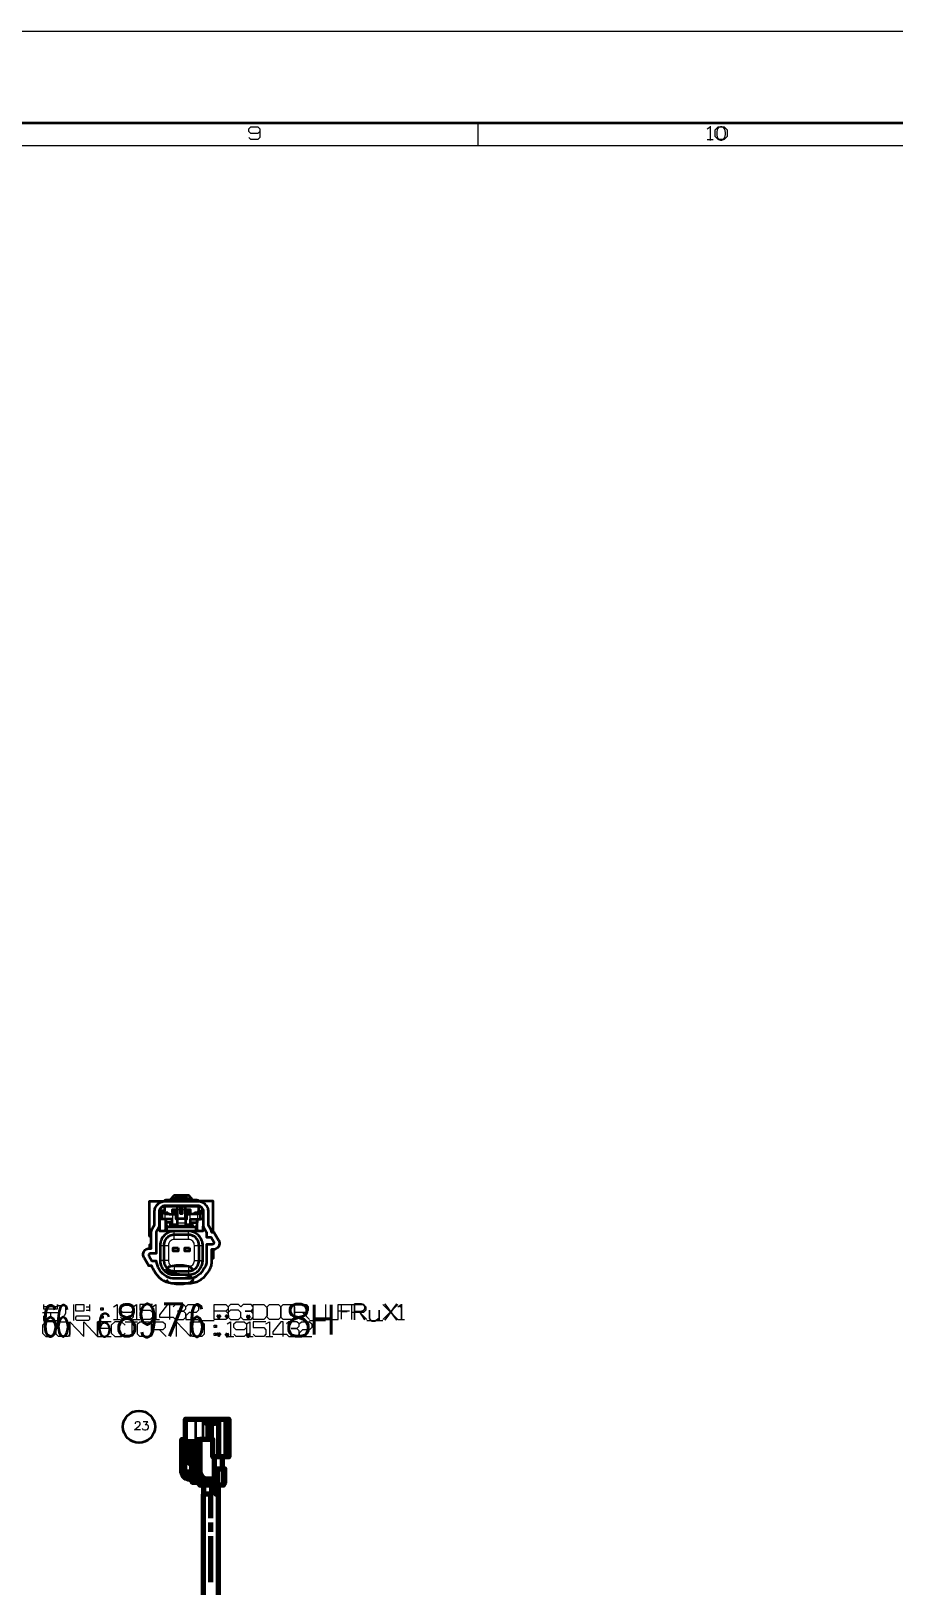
# Model space of a CAD drawing. Extents: x 0 to 174, y 0 to 33.
# Drawn here: x 32.38 to 39.79, y 19.75 to 33.11 of the extents above; entities that cross this region are included whole.
import ezdxf
from ezdxf.enums import TextEntityAlignment as Align

# ---------------------------------------------------------------- set-up
doc = ezdxf.new("R2010")
doc.units = 0
doc.layers.add('PDF2_형상', color=157, linetype='Continuous', true_color=0x405f80)
doc.layers.add('YOLO_TEXT', color=3, linetype='Continuous', true_color=0x008230)
doc.styles.add('OCR_LATIN', font='txt.shx')

msp = doc.modelspace()

# ---------------------------------------------------------------- linework, layer by layer
at = {"layer": 'PDF2_형상', "color": 7, "lineweight": 13}
for points in [[(0, 0), (0, 33.11), (173.622, 33.11), (173.622, 0)], [(38.283, 32.288), (38.333, 32.288), (38.359, 32.262), (38.359, 32.203), (38.333, 32.178), (38.283, 32.178), (38.257, 32.203), (38.257, 32.262)], [(0.984, 0.984), (0.984, 32.126), (172.638, 32.126), (172.638, 0.984)], [(32.764, 22.166), (32.833, 22.166), (32.833, 22.107), (32.764, 22.107)], [(32.774, 22.067), (32.873, 22.067), (32.883, 22.058), (32.883, 22.038), (32.873, 22.028), (32.774, 22.028), (32.764, 22.038), (32.764, 22.058)], [(32.981, 22.136), (33.001, 22.136), (33.001, 22.117), (32.981, 22.117)], [(32.981, 22.067), (33.001, 22.067), (33.001, 22.048), (32.981, 22.048)], [(34.29, 22.166), (34.379, 22.166), (34.408, 22.136), (34.408, 22.067), (34.379, 22.038), (34.29, 22.038)], [(34.428, 22.166), (34.507, 22.166), (34.526, 22.146), (34.526, 22.058), (34.507, 22.038), (34.428, 22.038), (34.408, 22.058), (34.408, 22.146)], [(34.546, 22.166), (34.625, 22.166), (34.644, 22.146), (34.644, 22.058), (34.625, 22.038), (34.546, 22.038), (34.526, 22.058), (34.526, 22.146)], [(32.617, 22.018), (32.696, 22.018), (32.715, 21.999), (32.715, 21.91), (32.696, 21.89), (32.617, 21.89), (32.597, 21.91), (32.597, 21.999)], [(33.316, 22.018), (33.394, 22.018), (33.414, 21.999), (33.414, 21.91), (33.394, 21.89), (33.316, 21.89), (33.296, 21.91), (33.296, 21.999)], [(33.768, 22.018), (33.847, 22.018), (33.867, 21.999), (33.867, 21.91), (33.847, 21.89), (33.768, 21.89), (33.749, 21.91), (33.749, 21.999)], [(33.955, 21.989), (33.975, 21.989), (33.975, 21.969), (33.955, 21.969)], [(33.955, 21.92), (33.975, 21.92), (33.975, 21.9), (33.955, 21.9)]]:
    msp.add_lwpolyline(points, close=True, dxfattribs=at)
at = {"layer": 'PDF2_형상', "color": 7, "lineweight": 35}
for points in [[(0.787, 0.787), (0.787, 32.323), (172.835, 32.323), (172.835, 0.787)], [(33.855, 22.544), (33.855, 22.673), (33.855, 22.683), (33.854, 22.693), (33.852, 22.703), (33.849, 22.712), (33.845, 22.721), (33.841, 22.73), (33.836, 22.739), (33.831, 22.747), (33.824, 22.754), (33.818, 22.762), (33.81, 22.768), (33.803, 22.774), (33.794, 22.779), (33.785, 22.784), (33.776, 22.788), (33.767, 22.791), (33.758, 22.793), (33.748, 22.795), (33.738, 22.795), (33.733, 22.796), (33.611, 22.796), (33.601, 22.795), (33.592, 22.794), (33.582, 22.792), (33.572, 22.789), (33.563, 22.786), (33.554, 22.782), (33.546, 22.777), (33.538, 22.771), (33.53, 22.765), (33.523, 22.758), (33.517, 22.751), (33.511, 22.743), (33.505, 22.734), (33.501, 22.726), (33.497, 22.717), (33.494, 22.707), (33.492, 22.698), (33.49, 22.688), (33.489, 22.678), (33.489, 22.673), (33.489, 22.544), (33.489, 22.534), (33.491, 22.524), (33.493, 22.514), (33.495, 22.505), (33.499, 22.496), (33.503, 22.487), (33.508, 22.478), (33.514, 22.47), (33.52, 22.463), (33.527, 22.456), (33.534, 22.449), (33.542, 22.443), (33.55, 22.438), (33.559, 22.433), (33.568, 22.429), (33.577, 22.426), (33.587, 22.424), (33.597, 22.423), (33.606, 22.422), (33.611, 22.422), (33.733, 22.422), (33.743, 22.422), (33.753, 22.423), (33.762, 22.425), (33.772, 22.428), (33.781, 22.431), (33.79, 22.436), (33.798, 22.44), (33.807, 22.446), (33.814, 22.452), (33.821, 22.459), (33.828, 22.467), (33.834, 22.474), (33.839, 22.483), (33.843, 22.491), (33.847, 22.5), (33.85, 22.51), (33.853, 22.519), (33.854, 22.529), (33.855, 22.539)], [(33.521, 22.673), (33.521, 22.544), (33.521, 22.534), (33.523, 22.524), (33.525, 22.515), (33.529, 22.506), (33.534, 22.497), (33.539, 22.489), (33.545, 22.481), (33.553, 22.474), (33.56, 22.468), (33.569, 22.463), (33.578, 22.459), (33.587, 22.456), (33.597, 22.454), (33.607, 22.453), (33.611, 22.453), (33.733, 22.453), (33.743, 22.454), (33.753, 22.455), (33.762, 22.458), (33.771, 22.461), (33.78, 22.466), (33.788, 22.472), (33.796, 22.478), (33.802, 22.485), (33.808, 22.493), (33.813, 22.501), (33.817, 22.51), (33.82, 22.52), (33.823, 22.529), (33.824, 22.539), (33.824, 22.544), (33.824, 22.673), (33.823, 22.683), (33.822, 22.693), (33.819, 22.702), (33.815, 22.712), (33.811, 22.72), (33.805, 22.728), (33.799, 22.736), (33.792, 22.743), (33.784, 22.749), (33.775, 22.754), (33.766, 22.758), (33.757, 22.761), (33.748, 22.763), (33.738, 22.764), (33.733, 22.764), (33.611, 22.764), (33.601, 22.764), (33.592, 22.762), (33.582, 22.759), (33.573, 22.756), (33.564, 22.751), (33.556, 22.746), (33.549, 22.739), (33.542, 22.732), (33.536, 22.724), (33.531, 22.716), (33.527, 22.707), (33.524, 22.697), (33.522, 22.688), (33.521, 22.678)], [(33.643, 22.653), (33.643, 22.623), (33.601, 22.623), (33.601, 22.653)], [(33.743, 22.653), (33.743, 22.623), (33.701, 22.623), (33.701, 22.653)]]:
    msp.add_lwpolyline(points, close=True, dxfattribs=at)
at = {"layer": 'PDF2_형상', "color": 7, "lineweight": 13}
for points in [[(34.345, 32.246), (34.328, 32.229), (34.269, 32.229), (34.252, 32.246), (34.252, 32.271), (34.269, 32.288), (34.328, 32.288), (34.345, 32.271), (34.345, 32.195), (34.328, 32.178), (34.269, 32.178), (34.252, 32.195)], [(36.22, 32.126), (36.22, 32.323)], [(38.189, 32.271), (38.214, 32.288), (38.214, 32.178)], [(38.189, 32.178), (38.24, 32.178)], [(33.532, 23.012), (33.532, 23.014)], [(33.664, 23.008), (33.639, 23.008)], [(33.706, 23.008), (33.68, 23.008)], [(33.812, 23.012), (33.812, 23.014)], [(33.484, 22.964), (33.482, 22.964)], [(33.532, 22.899), (33.532, 22.942)], [(33.597, 22.94), (33.597, 22.853)], [(33.664, 22.979), (33.639, 22.979)], [(33.639, 22.867), (33.706, 22.867)], [(33.706, 22.979), (33.68, 22.979)], [(33.747, 22.853), (33.747, 22.94)], [(33.813, 22.899), (33.813, 22.942)], [(33.86, 22.964), (33.862, 22.964)], [(33.611, 22.725), (33.601, 22.724), (33.592, 22.721), (33.583, 22.717), (33.576, 22.71), (33.569, 22.703), (33.564, 22.694), (33.561, 22.685), (33.56, 22.675), (33.56, 22.673)], [(33.733, 22.725), (33.611, 22.725), (33.611, 22.764), (33.611, 22.796)], [(33.784, 22.673), (33.783, 22.683), (33.781, 22.693), (33.776, 22.701), (33.77, 22.709), (33.763, 22.715), (33.754, 22.72), (33.745, 22.723), (33.735, 22.725), (33.733, 22.725), (33.733, 22.764), (33.733, 22.796)], [(33.489, 22.673), (33.521, 22.673), (33.56, 22.673), (33.56, 22.544), (33.561, 22.534), (33.564, 22.524), (33.568, 22.516), (33.574, 22.508), (33.582, 22.502), (33.59, 22.497), (33.599, 22.494), (33.609, 22.492), (33.611, 22.492), (33.733, 22.492), (33.743, 22.493), (33.752, 22.496), (33.761, 22.501), (33.769, 22.507), (33.775, 22.514), (33.78, 22.523), (33.783, 22.532), (33.784, 22.542), (33.784, 22.544), (33.784, 22.673), (33.824, 22.673), (33.855, 22.673)], [(33.56, 22.544), (33.521, 22.544), (33.489, 22.544)], [(33.611, 22.492), (33.611, 22.453), (33.611, 22.422)], [(33.733, 22.492), (33.733, 22.453), (33.733, 22.422)], [(33.784, 22.544), (33.824, 22.544), (33.855, 22.544)], [(32.479, 22.097), (32.617, 22.097)], [(32.489, 22.166), (32.489, 22.127), (32.607, 22.127), (32.607, 22.166), (32.607, 22.146), (32.489, 22.146)], [(32.489, 22.067), (32.489, 22.028), (32.607, 22.028)], [(32.548, 22.097), (32.548, 22.067)], [(32.617, 22.156), (32.676, 22.156), (32.676, 22.117), (32.676, 22.087), (32.666, 22.067), (32.646, 22.048), (32.617, 22.038)], [(32.745, 22.166), (32.745, 22.028)], [(32.853, 22.146), (32.883, 22.146)], [(32.853, 22.117), (32.883, 22.117)], [(32.883, 22.166), (32.883, 22.107)], [(32.991, 22.136), (32.991, 22.117)], [(32.991, 22.067), (32.991, 22.048)], [(33.089, 22.146), (33.119, 22.166), (33.119, 22.038)], [(33.257, 22.117), (33.237, 22.097), (33.168, 22.097), (33.148, 22.117), (33.148, 22.146), (33.168, 22.166), (33.237, 22.166), (33.257, 22.146), (33.257, 22.058), (33.237, 22.038), (33.168, 22.038), (33.148, 22.058)], [(33.257, 22.146), (33.286, 22.166), (33.286, 22.038)], [(33.424, 22.166), (33.316, 22.166), (33.316, 22.117), (33.404, 22.117), (33.424, 22.097), (33.424, 22.058), (33.404, 22.038), (33.335, 22.038), (33.316, 22.058)], [(33.424, 22.146), (33.453, 22.166), (33.453, 22.038)], [(33.572, 22.038), (33.572, 22.166), (33.552, 22.166), (33.483, 22.077), (33.483, 22.058), (33.601, 22.058), (33.621, 22.038), (33.69, 22.038), (33.709, 22.058), (33.709, 22.087), (33.69, 22.107), (33.64, 22.107), (33.69, 22.107), (33.709, 22.127), (33.709, 22.146), (33.69, 22.166), (33.621, 22.166), (33.601, 22.146)], [(33.709, 22.146), (33.729, 22.166), (33.798, 22.166), (33.818, 22.146), (33.818, 22.117), (33.798, 22.097), (33.739, 22.097), (33.709, 22.067), (33.709, 22.038), (33.818, 22.038)], [(34.054, 22.107), (34.074, 22.087), (34.074, 22.058), (34.054, 22.038), (33.955, 22.038), (33.955, 22.166), (34.054, 22.166), (34.074, 22.146), (34.074, 22.127), (34.054, 22.107), (33.955, 22.107)], [(34.182, 22.058), (34.202, 22.038), (34.27, 22.038), (34.29, 22.058), (34.29, 22.087), (34.27, 22.107), (34.221, 22.107), (34.27, 22.107), (34.29, 22.127), (34.29, 22.146), (34.27, 22.166), (34.202, 22.166), (34.182, 22.146), (34.162, 22.166), (34.093, 22.166), (34.074, 22.146), (34.074, 22.058), (34.093, 22.038), (34.162, 22.038), (34.182, 22.058), (34.182, 22.097), (34.162, 22.117), (34.093, 22.117), (34.074, 22.097)], [(34.644, 22.038), (34.644, 22.166), (34.743, 22.166), (34.762, 22.146), (34.762, 22.117), (34.743, 22.097), (34.644, 22.097)], [(34.713, 22.097), (34.772, 22.038)], [(34.91, 22.166), (34.91, 22.038), (35.018, 22.038), (35.018, 22.166), (35.137, 22.166)], [(35.117, 22.107), (35.018, 22.107)], [(35.137, 22.038), (35.137, 22.166), (35.235, 22.166), (35.255, 22.146), (35.255, 22.117), (35.235, 22.097), (35.137, 22.097)], [(35.205, 22.097), (35.264, 22.038)], [(35.402, 22.166), (35.53, 22.038), (35.589, 22.038)], [(35.53, 22.166), (35.402, 22.038)], [(35.53, 22.146), (35.56, 22.166), (35.56, 22.038)], [(32.597, 21.989), (32.568, 22.018), (32.509, 22.018), (32.479, 21.989), (32.479, 21.92), (32.509, 21.89), (32.568, 21.89), (32.597, 21.92)], [(32.715, 21.89), (32.715, 22.018), (32.833, 21.89), (32.833, 22.018)], [(32.833, 21.89), (32.833, 22.018), (32.952, 21.89), (32.952, 22.018)], [(33.07, 22.018), (32.952, 22.018), (32.952, 21.89), (33.07, 21.89)], [(33.05, 21.959), (32.952, 21.959)], [(33.188, 21.989), (33.158, 22.018), (33.099, 22.018), (33.07, 21.989), (33.07, 21.92), (33.099, 21.89), (33.158, 21.89), (33.188, 21.92)], [(33.089, 22.038), (33.148, 22.038)], [(33.188, 22.018), (33.296, 22.018)], [(33.247, 22.018), (33.247, 21.89)], [(33.257, 22.038), (33.316, 22.038)], [(33.414, 21.89), (33.414, 22.018), (33.512, 22.018), (33.532, 21.999), (33.532, 21.969), (33.512, 21.949), (33.414, 21.949)], [(33.424, 22.038), (33.483, 22.038)], [(33.483, 21.949), (33.542, 21.89)], [(33.631, 21.89), (33.631, 22.018), (33.749, 21.89), (33.749, 22.018)], [(33.818, 22.028), (33.955, 22.028)], [(33.965, 21.989), (33.965, 21.969)], [(33.965, 21.92), (33.965, 21.9)], [(34.064, 21.999), (34.093, 22.018), (34.093, 21.89)], [(34.231, 21.969), (34.211, 21.949), (34.143, 21.949), (34.123, 21.969), (34.123, 21.999), (34.143, 22.018), (34.211, 22.018), (34.231, 21.999), (34.231, 21.91), (34.211, 21.89), (34.143, 21.89), (34.123, 21.91)], [(34.231, 21.999), (34.261, 22.018), (34.261, 21.89)], [(34.398, 22.018), (34.29, 22.018), (34.29, 21.969), (34.379, 21.969), (34.398, 21.949), (34.398, 21.91), (34.379, 21.89), (34.31, 21.89), (34.29, 21.91)], [(34.398, 21.999), (34.428, 22.018), (34.428, 21.89)], [(34.546, 21.89), (34.546, 22.018), (34.526, 22.018), (34.457, 21.93), (34.457, 21.91), (34.576, 21.91), (34.595, 21.89), (34.664, 21.89), (34.684, 21.91), (34.684, 21.939), (34.664, 21.959), (34.615, 21.959), (34.664, 21.959), (34.684, 21.979), (34.684, 21.999), (34.664, 22.018), (34.595, 22.018), (34.576, 21.999)], [(34.684, 21.999), (34.703, 22.018), (34.772, 22.018), (34.792, 21.999), (34.792, 21.969), (34.772, 21.949), (34.713, 21.949), (34.684, 21.92), (34.684, 21.89), (34.792, 21.89)], [(34.772, 22.028), (34.91, 22.028)], [(35.264, 22.028), (35.402, 22.028)], [(34.064, 21.89), (34.123, 21.89)], [(34.231, 21.89), (34.29, 21.89)], [(34.398, 21.89), (34.457, 21.89)]]:
    msp.add_lwpolyline(points, dxfattribs=at)
at = {"layer": 'PDF2_형상', "color": 7, "lineweight": 35}
msp.add_lwpolyline([(33.73, 22.345), (33.614, 22.345, -0.254292), (33.452, 22.433), (33.437, 22.456), (33.434, 22.462), (33.429, 22.471), (33.425, 22.48), (33.421, 22.489), (33.418, 22.498), (33.392, 22.498), (33.352, 22.568), (33.35, 22.571), (33.347, 22.58), (33.345, 22.59), (33.345, 22.6), (33.347, 22.609), (33.35, 22.618), (33.356, 22.627), (33.362, 22.634), (33.37, 22.64), (33.379, 22.644), (33.388, 22.647), (33.398, 22.648), (33.412, 22.648), (33.412, 22.778), (33.413, 22.788), (33.415, 22.798), (33.418, 22.807), (33.422, 22.816), (33.442, 22.849), (33.442, 22.964), (33.442, 22.968), (33.443, 22.978), (33.445, 22.988), (33.448, 22.997), (33.452, 23.006), (33.457, 23.014), (33.463, 23.022), (33.47, 23.029), (33.477, 23.036), (33.486, 23.041), (33.494, 23.046), (33.503, 23.049), (33.513, 23.052), (33.523, 23.054), (33.532, 23.054), (33.812, 23.054), (33.817, 23.054), (33.826, 23.053), (33.836, 23.051), (33.845, 23.048), (33.854, 23.044), (33.863, 23.039), (33.87, 23.033), (33.877, 23.026), (33.884, 23.018), (33.889, 23.01), (33.894, 23.002), (33.898, 22.993), (33.9, 22.983), (33.902, 22.973), (33.902, 22.964), (33.902, 22.849), (33.922, 22.816), (33.922, 22.815), (33.926, 22.807), (33.929, 22.797), (33.931, 22.788), (33.952, 22.788), (33.992, 22.718), (33.994, 22.715), (33.997, 22.706), (33.999, 22.696), (33.999, 22.686), (33.997, 22.677), (33.994, 22.668), (33.989, 22.659), (33.982, 22.652), (33.974, 22.646), (33.965, 22.642), (33.956, 22.639), (33.946, 22.638), (33.932, 22.638), (33.932, 22.541), (33.932, 22.54), (33.932, 22.53), (33.931, 22.52), (33.929, 22.51), (33.927, 22.501), (33.924, 22.492), (33.92, 22.482), (33.917, 22.473), (33.912, 22.464), (33.907, 22.456), (33.892, 22.433, -0.254529)], format="xyb", close=True, dxfattribs=at)
for points in [[(33.412, 22.745), (33.398, 22.754), (33.398, 22.786), (33.398, 23.054), (33.532, 23.054)], [(33.508, 22.899), (33.508, 22.951), (33.485, 22.951), (33.485, 22.951), (33.484, 22.948), (33.484, 22.964), (33.485, 22.971), (33.487, 22.98), (33.491, 22.989), (33.497, 22.997), (33.505, 23.003), (33.513, 23.008), (33.523, 23.011), (33.532, 23.012), (33.812, 23.012), (33.819, 23.011), (33.828, 23.009), (33.837, 23.005), (33.845, 22.999), (33.851, 22.991), (33.856, 22.983), (33.859, 22.973), (33.86, 22.964), (33.86, 22.948), (33.859, 22.951), (33.859, 22.798), (33.859, 22.838), (33.862, 22.833), (33.862, 22.964), (33.861, 22.973), (33.858, 22.983), (33.853, 22.991), (33.847, 22.999), (33.84, 23.005), (33.831, 23.01), (33.822, 23.013), (33.812, 23.014), (33.532, 23.014), (33.523, 23.013), (33.513, 23.01), (33.505, 23.005), (33.497, 22.999), (33.491, 22.991), (33.486, 22.983), (33.483, 22.973), (33.482, 22.964), (33.482, 22.833), (33.485, 22.838), (33.485, 22.798), (33.859, 22.798)], [(33.484, 22.956), (33.526, 22.956), (33.526, 22.972), (33.49, 22.972), (33.49, 22.987)], [(33.825, 23.054), (33.816, 23.058), (33.806, 23.061), (33.797, 23.062), (33.795, 23.062), (33.549, 23.062), (33.539, 23.061), (33.53, 23.059), (33.521, 23.055), (33.52, 23.054)], [(33.706, 22.906), (33.706, 22.867), (33.706, 22.838), (33.639, 22.838), (33.639, 22.867), (33.639, 22.906), (33.639, 22.979), (33.639, 23.008), (33.639, 23.011), (33.526, 23.011), (33.526, 22.972)], [(33.771, 23.062), (33.735, 23.101), (33.609, 23.101), (33.574, 23.062)], [(33.589, 23.062), (33.589, 23.062), (33.596, 23.069), (33.605, 23.075), (33.613, 23.078), (33.623, 23.081), (33.633, 23.082), (33.712, 23.082), (33.712, 23.082), (33.722, 23.081), (33.731, 23.078), (33.74, 23.074), (33.748, 23.069), (33.756, 23.062)], [(33.639, 22.906), (33.706, 22.906), (33.706, 22.979), (33.706, 23.008), (33.706, 23.011), (33.819, 23.011), (33.819, 22.972), (33.854, 22.972), (33.854, 22.987)], [(33.68, 23.012), (33.68, 22.944), (33.664, 22.944), (33.664, 23.012)], [(33.946, 22.788), (33.946, 23.054), (33.812, 23.054)], [(33.556, 22.952), (33.546, 22.952), (33.536, 22.952), (33.528, 22.952), (33.484, 22.952)], [(33.485, 22.951), (33.485, 22.798)], [(33.639, 22.846), (33.638, 22.846), (33.638, 22.834), (33.593, 22.834), (33.593, 22.853), (33.593, 22.899), (33.532, 22.899), (33.508, 22.899), (33.485, 22.899)], [(33.556, 22.952), (33.559, 22.951), (33.561, 22.949), (33.566, 22.942), (33.593, 22.942), (33.594, 22.948), (33.595, 22.952), (33.596, 22.952), (33.637, 22.952), (33.635, 22.952), (33.634, 22.951), (33.632, 22.949), (33.626, 22.94), (33.626, 22.94), (33.597, 22.94), (33.543, 22.941), (33.533, 22.942), (33.532, 22.942), (33.532, 22.942), (33.523, 22.947), (33.514, 22.95), (33.508, 22.952)], [(33.537, 22.899), (33.537, 22.87), (33.54, 22.87)], [(33.537, 22.803), (33.537, 22.899)], [(33.579, 22.831), (33.579, 22.87), (33.578, 22.87), (33.54, 22.87), (33.543, 22.831), (33.544, 22.831)], [(33.576, 22.831), (33.578, 22.87)], [(33.593, 22.853), (33.597, 22.853), (33.639, 22.853)], [(33.639, 22.962), (33.596, 22.962), (33.596, 22.952)], [(33.597, 22.962), (33.597, 22.983), (33.639, 22.983)], [(33.632, 22.904), (33.626, 22.899), (33.626, 22.94)], [(33.639, 22.899), (33.626, 22.899)], [(33.639, 22.901), (33.637, 22.901), (33.632, 22.904), (33.632, 22.916), (33.637, 22.919), (33.637, 22.952), (33.639, 22.952)], [(33.639, 22.919), (33.637, 22.919)], [(33.706, 22.983), (33.748, 22.983), (33.748, 22.962)], [(33.706, 22.962), (33.748, 22.962), (33.748, 22.952)], [(33.788, 22.952), (33.786, 22.951), (33.783, 22.949), (33.778, 22.942), (33.751, 22.942), (33.751, 22.944), (33.751, 22.945), (33.75, 22.949), (33.749, 22.952), (33.748, 22.952), (33.708, 22.952), (33.706, 22.952)], [(33.718, 22.899), (33.718, 22.94), (33.718, 22.94), (33.713, 22.949), (33.71, 22.951), (33.708, 22.952), (33.708, 22.919), (33.706, 22.919)], [(33.706, 22.901), (33.707, 22.901), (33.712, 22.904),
• • • •
# Task instructions
State how many lines of the records contain the word "linetype". Give that number alone.

# Finished exercise
2